En la provincia de Santa Fe se da una cuestión particular. El radicalismo juega a dos puntas: conforma el Frente Progresista, a nivel local, y Cambiemos, a nivel nacional. Dos relaciones incompatibles para una misma elección.
Por eso se vive un clima de tensión y descontrol dentro del centenario partido. ¿Qué hará cada candidato? El intendente local, José Corral, jugará con Cambiemos tras el aval de Macri, pero mientras titubea otros dirigentes PRO le quieren ocupar el puesto que el presidente le ofreció. El resto de los radicales va viendo dónde acomoda su nombre.
En este escenario, el socialismo decidió su estrategia: su adversario es el Gobierno nacional. Allí irán los blancos de las críticas y, de esa manera, buscarán que Macri se convierta en su principal adversario. El objetivo es obligar al electorado a votar entre el Frente Progresista o Cambiemos, para que el peronismo no les de una sorpresa mientras ellos se cuentan las costillas.
Desde que el gobernador Miguel Lifschitz decidió unificar el calendario electoral de Santa Fe la decisión de polarizar con Macri está tomada. Pero, según publica La Política On Line, en estos días comenzó a desandar esa estrategia.
La paritaria docente es uno de esos ejemplos: para diferenciarse, el gobernador avisó que en Santa Fe las paritarias no tendrán piso ni techo mientras la ministra de educación, Clauda Balagué manifestó que Nación “dejó solas a las provincias” por no abrir la discusión salarial.
La inversión en la obra pública es otro de los ejes de campaña. La falta de obras quedó en evidencia luego de las últimas inundaciones, por lo que desde ambos gobiernos insisten en que tirarán la casa por la ventana. Mientras la gestión provincial priorizará obras viales y otras para municipios, desde la Nación aseguran que “habrá inversiones históricas para Santa Fe”.

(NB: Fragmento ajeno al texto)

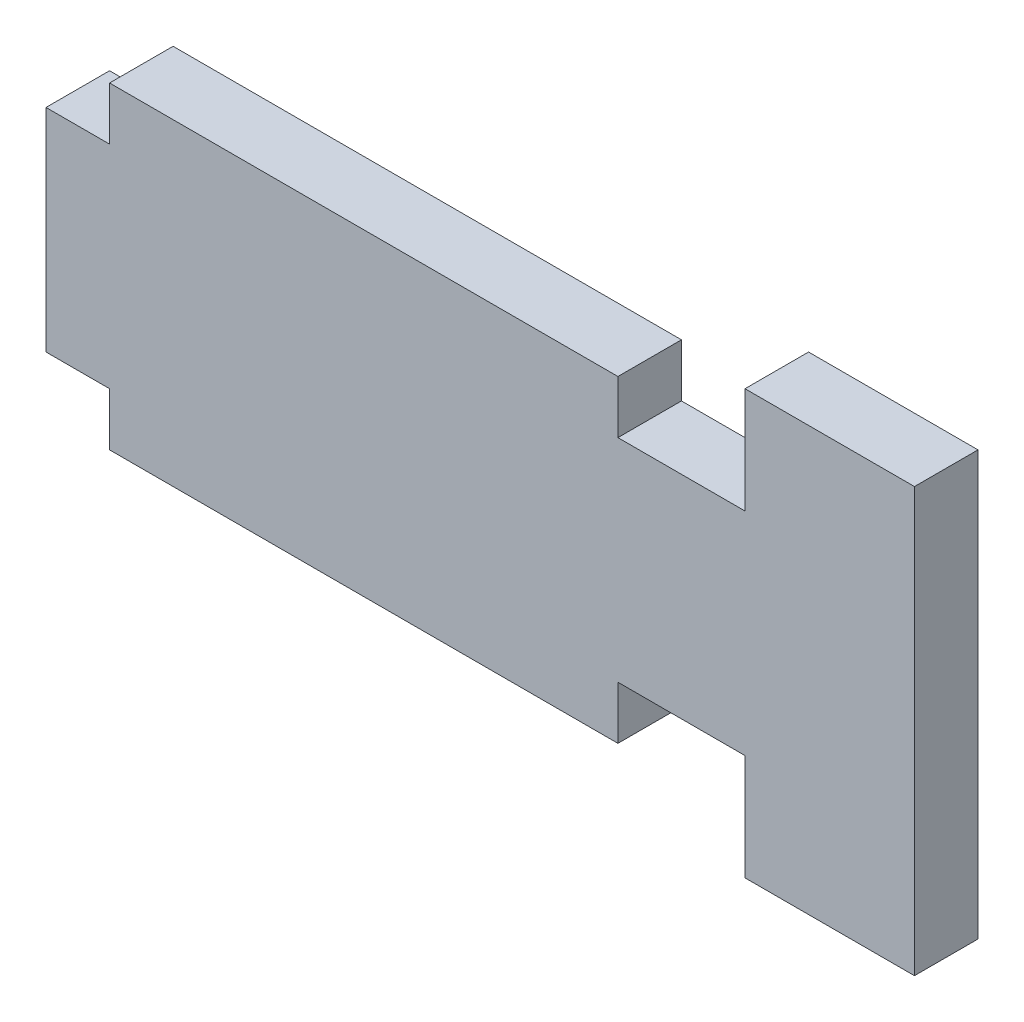
ISO-10303-21;
HEADER;
FILE_DESCRIPTION(('STEP AP214'),'2;1');
FILE_NAME('part.step','',(''),(''),'','','');
FILE_SCHEMA(('AUTOMOTIVE_DESIGN { 1 0 10303 214 1 1 1 1 }'));
ENDSEC;
DATA;
#1=APPLICATION_CONTEXT('core data for automotive mechanical design processes');
#2=APPLICATION_PROTOCOL_DEFINITION('international standard','automotive_design',2000,#1);
#3=PRODUCT_CONTEXT('',#1,'mechanical');
#4=PRODUCT('Part','Part','',(#3));
#5=PRODUCT_RELATED_PRODUCT_CATEGORY('part','',(#4));
#6=PRODUCT_DEFINITION_FORMATION('','',#4);
#7=PRODUCT_DEFINITION_CONTEXT('part definition',#1,'design');
#8=PRODUCT_DEFINITION('design','',#6,#7);
#9=PRODUCT_DEFINITION_SHAPE('','',#8);
#10=(LENGTH_UNIT() NAMED_UNIT(*) SI_UNIT(.MILLI.,.METRE.));
#11=(NAMED_UNIT(*) PLANE_ANGLE_UNIT() SI_UNIT($,.RADIAN.));
#12=(NAMED_UNIT(*) SI_UNIT($,.STERADIAN.) SOLID_ANGLE_UNIT());
#13=UNCERTAINTY_MEASURE_WITH_UNIT(LENGTH_MEASURE(1.E-05),#10,'distance_accuracy_value','');
#14=(GEOMETRIC_REPRESENTATION_CONTEXT(3) GLOBAL_UNCERTAINTY_ASSIGNED_CONTEXT((#13)) GLOBAL_UNIT_ASSIGNED_CONTEXT((#10,
#11,#12)) REPRESENTATION_CONTEXT('',''));
#15=CARTESIAN_POINT('',(0.,0.,0.));
#16=DIRECTION('',(0.,0.,1.));
#17=DIRECTION('',(1.,0.,0.));
#18=AXIS2_PLACEMENT_3D('',#15,#16,#17);
#19=CARTESIAN_POINT('',(0.,0.,0.));
#20=DIRECTION('',(0.,0.,1.));
#21=DIRECTION('',(1.,0.,0.));
#22=AXIS2_PLACEMENT_3D('',#19,#20,#21);
#23=PLANE('',#22);
#24=DIRECTION('',(1.,0.,0.));
#25=VECTOR('',#24,1.);
#26=CARTESIAN_POINT('',(0.,5.,0.));
#27=LINE('',#26,#25);
#28=CARTESIAN_POINT('',(-15.,5.,0.));
#29=VERTEX_POINT('',#28);
#30=CARTESIAN_POINT('',(-12.,5.,0.));
#31=VERTEX_POINT('',#30);
#32=EDGE_CURVE('E241',#29,#31,#27,.T.);
#33=ORIENTED_EDGE('',*,*,#32,.T.);
#34=DIRECTION('',(0.,1.,0.));
#35=VECTOR('',#34,1.);
#36=CARTESIAN_POINT('',(-12.,0.,0.));
#37=LINE('',#36,#35);
#38=CARTESIAN_POINT('',(-12.,7.5,0.));
#39=VERTEX_POINT('',#38);
#40=EDGE_CURVE('E253',#31,#39,#37,.T.);
#41=ORIENTED_EDGE('',*,*,#40,.T.);
#42=DIRECTION('',(1.,0.,0.));
#43=VECTOR('',#42,1.);
#44=CARTESIAN_POINT('',(0.,7.5,0.));
#45=LINE('',#44,#43);
#46=CARTESIAN_POINT('',(12.,7.5,0.));
#47=VERTEX_POINT('',#46);
#48=EDGE_CURVE('E276',#39,#47,#45,.T.);
#49=ORIENTED_EDGE('',*,*,#48,.T.);
#50=DIRECTION('',(0.,1.,0.));
#51=VECTOR('',#50,1.);
#52=CARTESIAN_POINT('',(12.,0.,0.));
#53=LINE('',#52,#51);
#54=CARTESIAN_POINT('',(12.,5.,0.));
#55=VERTEX_POINT('',#54);
#56=EDGE_CURVE('E228',#55,#47,#53,.T.);
#57=ORIENTED_EDGE('',*,*,#56,.F.);
#58=DIRECTION('',(-1.,0.,0.));
#59=VECTOR('',#58,1.);
#60=CARTESIAN_POINT('',(0.,5.00000000000001,0.));
#61=LINE('',#60,#59);
#62=CARTESIAN_POINT('',(18.,5.,0.));
#63=VERTEX_POINT('',#62);
#64=EDGE_CURVE('E274',#63,#55,#61,.T.);
#65=ORIENTED_EDGE('',*,*,#64,.F.);
#66=DIRECTION('',(0.,1.,0.));
#67=VECTOR('',#66,1.);
#68=CARTESIAN_POINT('',(18.,0.,0.));
#69=LINE('',#68,#67);
#70=CARTESIAN_POINT('',(18.,10.,0.));
#71=VERTEX_POINT('',#70);
#72=EDGE_CURVE('E265',#63,#71,#69,.T.);
#73=ORIENTED_EDGE('',*,*,#72,.T.);
#74=DIRECTION('',(1.,0.,0.));
#75=VECTOR('',#74,1.);
#76=CARTESIAN_POINT('',(0.,10.,0.));
#77=LINE('',#76,#75);
#78=CARTESIAN_POINT('',(26.,10.,0.));
#79=VERTEX_POINT('',#78);
#80=EDGE_CURVE('E271',#71,#79,#77,.T.);
#81=ORIENTED_EDGE('',*,*,#80,.T.);
#82=DIRECTION('',(0.,-1.,0.));
#83=VECTOR('',#82,1.);
#84=CARTESIAN_POINT('',(26.,0.,0.));
#85=LINE('',#84,#83);
#86=CARTESIAN_POINT('',(26.,-10.,0.));
#87=VERTEX_POINT('',#86);
#88=EDGE_CURVE('E268',#79,#87,#85,.T.);
#89=ORIENTED_EDGE('',*,*,#88,.T.);
#90=DIRECTION('',(-1.,0.,0.));
#91=VECTOR('',#90,1.);
#92=CARTESIAN_POINT('',(0.,-10.,0.));
#93=LINE('',#92,#91);
#94=CARTESIAN_POINT('',(18.,-10.,0.));
#95=VERTEX_POINT('',#94);
#96=EDGE_CURVE('E264',#87,#95,#93,.T.);
#97=ORIENTED_EDGE('',*,*,#96,.T.);
#98=CARTESIAN_POINT('',(18.,-5.,0.));
#99=VERTEX_POINT('',#98);
#100=EDGE_CURVE('E261',#95,#99,#69,.T.);
#101=ORIENTED_EDGE('',*,*,#100,.T.);
#102=DIRECTION('',(-1.,0.,0.));
#103=VECTOR('',#102,1.);
#104=CARTESIAN_POINT('',(0.,-4.99999999999999,0.));
#105=LINE('',#104,#103);
#106=CARTESIAN_POINT('',(12.,-5.,0.));
#107=VERTEX_POINT('',#106);
#108=EDGE_CURVE('E258',#99,#107,#105,.T.);
#109=ORIENTED_EDGE('',*,*,#108,.T.);
#110=CARTESIAN_POINT('',(12.,-7.5,0.));
#111=VERTEX_POINT('',#110);
#112=EDGE_CURVE('E255',#111,#107,#53,.T.);
#113=ORIENTED_EDGE('',*,*,#112,.F.);
#114=DIRECTION('',(1.,0.,0.));
#115=VECTOR('',#114,1.);
#116=CARTESIAN_POINT('',(0.,-7.5,0.));
#117=LINE('',#116,#115);
#118=CARTESIAN_POINT('',(-12.,-7.5,0.));
#119=VERTEX_POINT('',#118);
#120=EDGE_CURVE('E252',#119,#111,#117,.T.);
#121=ORIENTED_EDGE('',*,*,#120,.F.);
#122=CARTESIAN_POINT('',(-12.,-5.,0.));
#123=VERTEX_POINT('',#122);
#124=EDGE_CURVE('E249',#119,#123,#37,.T.);
#125=ORIENTED_EDGE('',*,*,#124,.T.);
#126=DIRECTION('',(1.,0.,0.));
#127=VECTOR('',#126,1.);
#128=CARTESIAN_POINT('',(0.,-5.,0.));
#129=LINE('',#128,#127);
#130=CARTESIAN_POINT('',(-15.,-5.,0.));
#131=VERTEX_POINT('',#130);
#132=EDGE_CURVE('E246',#131,#123,#129,.T.);
#133=ORIENTED_EDGE('',*,*,#132,.F.);
#134=DIRECTION('',(0.,1.,0.));
#135=VECTOR('',#134,1.);
#136=CARTESIAN_POINT('',(-15.,0.,0.));
#137=LINE('',#136,#135);
#138=EDGE_CURVE('E243',#131,#29,#137,.T.);
#139=ORIENTED_EDGE('',*,*,#138,.T.);
#140=EDGE_LOOP('',(#33,#41,#49,#57,#65,#73,#81,#89,#97,#101,#109,#113,#121,#125,#133,#139));
#141=FACE_BOUND('',#140,.T.);
#142=ADVANCED_FACE('F94',(#141),#23,.F.);
#143=CARTESIAN_POINT('',(0.,-5.,3.));
#144=DIRECTION('',(0.,1.,0.));
#145=DIRECTION('',(0.,0.,1.));
#146=AXIS2_PLACEMENT_3D('',#143,#144,#145);
#147=PLANE('',#146);
#148=ORIENTED_EDGE('',*,*,#132,.T.);
#149=DIRECTION('',(0.,0.,-1.));
#150=VECTOR('',#149,1.);
#151=CARTESIAN_POINT('',(-12.,-5.,3.));
#152=LINE('',#151,#150);
#153=CARTESIAN_POINT('',(-12.,-5.,3.));
#154=VERTEX_POINT('',#153);
#155=EDGE_CURVE('E300',#154,#123,#152,.T.);
#156=ORIENTED_EDGE('',*,*,#155,.F.);
#157=DIRECTION('',(1.,0.,0.));
#158=VECTOR('',#157,1.);
#159=CARTESIAN_POINT('',(0.,-5.,3.));
#160=LINE('',#159,#158);
#161=CARTESIAN_POINT('',(-15.,-5.,3.));
#162=VERTEX_POINT('',#161);
#163=EDGE_CURVE('E305',#162,#154,#160,.T.);
#164=ORIENTED_EDGE('',*,*,#163,.F.);
#165=DIRECTION('',(0.,0.,-1.));
#166=VECTOR('',#165,1.);
#167=CARTESIAN_POINT('',(-15.,-5.,3.));
#168=LINE('',#167,#166);
#169=EDGE_CURVE('E103',#162,#131,#168,.T.);
#170=ORIENTED_EDGE('',*,*,#169,.T.);
#171=EDGE_LOOP('',(#148,#156,#164,#170));
#172=FACE_BOUND('',#171,.T.);
#173=ADVANCED_FACE('F304',(#172),#147,.F.);
#174=CARTESIAN_POINT('',(-15.,0.,3.));
#175=DIRECTION('',(-1.,0.,0.));
#176=DIRECTION('',(0.,0.,1.));
#177=AXIS2_PLACEMENT_3D('',#174,#175,#176);
#178=PLANE('',#177);
#179=ORIENTED_EDGE('',*,*,#138,.F.);
#180=ORIENTED_EDGE('',*,*,#169,.F.);
#181=DIRECTION('',(0.,1.,0.));
#182=VECTOR('',#181,1.);
#183=CARTESIAN_POINT('',(-15.,0.,3.));
#184=LINE('',#183,#182);
#185=CARTESIAN_POINT('',(-15.,5.,3.));
#186=VERTEX_POINT('',#185);
#187=EDGE_CURVE('E314',#162,#186,#184,.T.);
#188=ORIENTED_EDGE('',*,*,#187,.T.);
#189=DIRECTION('',(0.,0.,-1.));
#190=VECTOR('',#189,1.);
#191=CARTESIAN_POINT('',(-15.,5.,3.));
#192=LINE('',#191,#190);
#193=EDGE_CURVE('E12',#186,#29,#192,.T.);
#194=ORIENTED_EDGE('',*,*,#193,.T.);
#195=EDGE_LOOP('',(#179,#180,#188,#194));
#196=FACE_BOUND('',#195,.T.);
#197=ADVANCED_FACE('F313',(#196),#178,.T.);
#198=CARTESIAN_POINT('',(0.,5.,3.));
#199=DIRECTION('',(0.,1.,0.));
#200=DIRECTION('',(0.,0.,1.));
#201=AXIS2_PLACEMENT_3D('',#198,#199,#200);
#202=PLANE('',#201);
#203=ORIENTED_EDGE('',*,*,#32,.F.);
#204=ORIENTED_EDGE('',*,*,#193,.F.);
#205=DIRECTION('',(1.,0.,0.));
#206=VECTOR('',#205,1.);
#207=CARTESIAN_POINT('',(0.,5.,3.));
#208=LINE('',#207,#206);
#209=CARTESIAN_POINT('',(-12.,5.,3.));
#210=VERTEX_POINT('',#209);
#211=EDGE_CURVE('E317',#186,#210,#208,.T.);
#212=ORIENTED_EDGE('',*,*,#211,.T.);
#213=DIRECTION('',(0.,0.,-1.));
#214=VECTOR('',#213,1.);
#215=CARTESIAN_POINT('',(-12.,5.,3.));
#216=LINE('',#215,#214);
#217=EDGE_CURVE('E111',#210,#31,#216,.T.);
#218=ORIENTED_EDGE('',*,*,#217,.T.);
#219=EDGE_LOOP('',(#203,#204,#212,#218));
#220=FACE_BOUND('',#219,.T.);
#221=ADVANCED_FACE('F96',(#220),#202,.T.);
#222=CARTESIAN_POINT('',(0.,0.,3.));
#223=DIRECTION('',(0.,0.,1.));
#224=DIRECTION('',(1.,0.,0.));
#225=AXIS2_PLACEMENT_3D('',#222,#223,#224);
#226=PLANE('',#225);
#227=ORIENTED_EDGE('',*,*,#163,.T.);
#228=DIRECTION('',(0.,1.,0.));
#229=VECTOR('',#228,1.);
#230=CARTESIAN_POINT('',(-12.,0.,3.));
#231=LINE('',#230,#229);
#232=CARTESIAN_POINT('',(-12.,-7.5,3.));
#233=VERTEX_POINT('',#232);
#234=EDGE_CURVE('E237',#233,#154,#231,.T.);
#235=ORIENTED_EDGE('',*,*,#234,.F.);
#236=DIRECTION('',(1.,0.,0.));
#237=VECTOR('',#236,1.);
#238=CARTESIAN_POINT('',(0.,-7.5,3.));
#239=LINE('',#238,#237);
#240=CARTESIAN_POINT('',(12.,-7.5,3.));
#241=VERTEX_POINT('',#240);
#242=EDGE_CURVE('E323',#233,#241,#239,.T.);
#243=ORIENTED_EDGE('',*,*,#242,.T.);
#244=DIRECTION('',(0.,1.,0.));
#245=VECTOR('',#244,1.);
#246=CARTESIAN_POINT('',(12.,0.,3.));
#247=LINE('',#246,#245);
#248=CARTESIAN_POINT('',(12.,-5.,3.));
#249=VERTEX_POINT('',#248);
#250=EDGE_CURVE('E223',#241,#249,#247,.T.);
#251=ORIENTED_EDGE('',*,*,#250,.T.);
#252=DIRECTION('',(-1.,0.,0.));
#253=VECTOR('',#252,1.);
#254=CARTESIAN_POINT('',(0.,-4.99999999999999,3.));
#255=LINE('',#254,#253);
#256=CARTESIAN_POINT('',(18.,-5.,3.));
#257=VERTEX_POINT('',#256);
#258=EDGE_CURVE('E325',#257,#249,#255,.T.);
#259=ORIENTED_EDGE('',*,*,#258,.F.);
#260=DIRECTION('',(0.,1.,0.));
#261=VECTOR('',#260,1.);
#262=CARTESIAN_POINT('',(18.,0.,3.));
#263=LINE('',#262,#261);
#264=CARTESIAN_POINT('',(18.,-10.,3.));
#265=VERTEX_POINT('',#264);
#266=EDGE_CURVE('E328',#265,#257,#263,.T.);
#267=ORIENTED_EDGE('',*,*,#266,.F.);
#268=DIRECTION('',(-1.,0.,0.));
#269=VECTOR('',#268,1.);
#270=CARTESIAN_POINT('',(0.,-10.,3.));
#271=LINE('',#270,#269);
#272=CARTESIAN_POINT('',(26.,-10.,3.));
#273=VERTEX_POINT('',#272);
#274=EDGE_CURVE('E331',#273,#265,#271,.T.);
#275=ORIENTED_EDGE('',*,*,#274,.F.);
#276=DIRECTION('',(0.,-1.,0.));
#277=VECTOR('',#276,1.);
#278=CARTESIAN_POINT('',(26.,0.,3.));
#279=LINE('',#278,#277);
#280=CARTESIAN_POINT('',(26.,10.,3.));
#281=VERTEX_POINT('',#280);
#282=EDGE_CURVE('E335',#281,#273,#279,.T.);
#283=ORIENTED_EDGE('',*,*,#282,.F.);
#284=DIRECTION('',(1.,0.,0.));
#285=VECTOR('',#284,1.);
#286=CARTESIAN_POINT('',(0.,10.,3.));
#287=LINE('',#286,#285);
#288=CARTESIAN_POINT('',(18.,10.,3.));
#289=VERTEX_POINT('',#288);
#290=EDGE_CURVE('E337',#289,#281,#287,.T.);
#291=ORIENTED_EDGE('',*,*,#290,.F.);
#292=CARTESIAN_POINT('',(18.,5.,3.));
#293=VERTEX_POINT('',#292);
#294=EDGE_CURVE('E332',#293,#289,#263,.T.);
#295=ORIENTED_EDGE('',*,*,#294,.F.);
#296=DIRECTION('',(-1.,0.,0.));
#297=VECTOR('',#296,1.);
#298=CARTESIAN_POINT('',(0.,5.00000000000001,3.));
#299=LINE('',#298,#297);
#300=CARTESIAN_POINT('',(12.,5.,3.));
#301=VERTEX_POINT('',#300);
#302=EDGE_CURVE('E218',#293,#301,#299,.T.);
#303=ORIENTED_EDGE('',*,*,#302,.T.);
#304=CARTESIAN_POINT('',(12.,7.5,3.));
#305=VERTEX_POINT('',#304);
#306=EDGE_CURVE('E209',#301,#305,#247,.T.);
#307=ORIENTED_EDGE('',*,*,#306,.T.);
#308=DIRECTION('',(1.,0.,0.));
#309=VECTOR('',#308,1.);
#310=CARTESIAN_POINT('',(0.,7.5,3.));
#311=LINE('',#310,#309);
#312=CARTESIAN_POINT('',(-12.,7.5,3.));
#313=VERTEX_POINT('',#312);
#314=EDGE_CURVE('E215',#313,#305,#311,.T.);
#315=ORIENTED_EDGE('',*,*,#314,.F.);
#316=EDGE_CURVE('E234',#210,#313,#231,.T.);
#317=ORIENTED_EDGE('',*,*,#316,.F.);
#318=ORIENTED_EDGE('',*,*,#211,.F.);
#319=ORIENTED_EDGE('',*,*,#187,.F.);
#320=EDGE_LOOP('',(#227,#235,#243,#251,#259,#267,#275,#283,#291,#295,#303,#307,#315,#317,#318,#319));
#321=FACE_BOUND('',#320,.T.);
#322=ADVANCED_FACE('F212',(#321),#226,.T.);
#323=CARTESIAN_POINT('',(-12.,0.,3.));
#324=DIRECTION('',(-1.,0.,0.));
#325=DIRECTION('',(0.,0.,1.));
#326=AXIS2_PLACEMENT_3D('',#323,#324,#325);
#327=PLANE('',#326);
#328=ORIENTED_EDGE('',*,*,#124,.F.);
#329=DIRECTION('',(0.,0.,-1.));
#330=VECTOR('',#329,1.);
#331=CARTESIAN_POINT('',(-12.,-7.5,3.));
#332=LINE('',#331,#330);
#333=EDGE_CURVE('E298',#233,#119,#332,.T.);
#334=ORIENTED_EDGE('',*,*,#333,.F.);
#335=ORIENTED_EDGE('',*,*,#234,.T.);
#336=ORIENTED_EDGE('',*,*,#155,.T.);
#337=EDGE_LOOP('',(#328,#334,#335,#336));
#338=FACE_BOUND('',#337,.T.);
#339=ADVANCED_FACE('F370',(#338),#327,.T.);
#340=CARTESIAN_POINT('',(0.,-7.5,3.));
#341=DIRECTION('',(0.,1.,0.));
#342=DIRECTION('',(0.,0.,1.));
#343=AXIS2_PLACEMENT_3D('',#340,#341,#342);
#344=PLANE('',#343);
#345=ORIENTED_EDGE('',*,*,#120,.T.);
#346=DIRECTION('',(0.,0.,-1.));
#347=VECTOR('',#346,1.);
#348=CARTESIAN_POINT('',(12.,-7.5,3.));
#349=LINE('',#348,#347);
#350=EDGE_CURVE('E295',#241,#111,#349,.T.);
#351=ORIENTED_EDGE('',*,*,#350,.F.);
#352=ORIENTED_EDGE('',*,*,#242,.F.);
#353=ORIENTED_EDGE('',*,*,#333,.T.);
#354=EDGE_LOOP('',(#345,#351,#352,#353));
#355=FACE_BOUND('',#354,.T.);
#356=ADVANCED_FACE('F378',(#355),#344,.F.);
#357=CARTESIAN_POINT('',(12.,0.,3.));
#358=DIRECTION('',(-1.,0.,0.));
#359=DIRECTION('',(0.,0.,1.));
#360=AXIS2_PLACEMENT_3D('',#357,#358,#359);
#361=PLANE('',#360);
#362=ORIENTED_EDGE('',*,*,#112,.T.);
#363=DIRECTION('',(0.,0.,-1.));
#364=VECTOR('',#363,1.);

“Invertimos 10.500 millones propios y Nación solo continuó algunas obras que venían del gobierno anterior. Pero por ahora no hay ninguna obra nueva”, disparó Lifschitz en el diario Clarín del sábado 11.
Economía, empleo y seguridad son otros tres puntos esenciales para mejorar. El socialismo cree tener buenos proyectos que lo van a diferenciar del macrismo. Es una lucha cuerpo a cuerpo donde prometen dejar todo. “Con el PRO tenemos diferencias en lo que prioriza cada uno”, aseguró el gobernador en la misma entrevista. Y completó: “En la UCR hay voces disonantes, una tensión lógica porque se ha ubicado en la socialdemocracia y el PRO es un partido de derecha”. Campaña en marcha.
El peronismo, mientras tanto, intentará evitar que ambos partidos se corten solos, aunque no cuenta con la caja para hacerles frente en la campaña. Entre obras millonarias y mayor preocupación en seguridad, de esta lucha los más beneficiados serán los electores.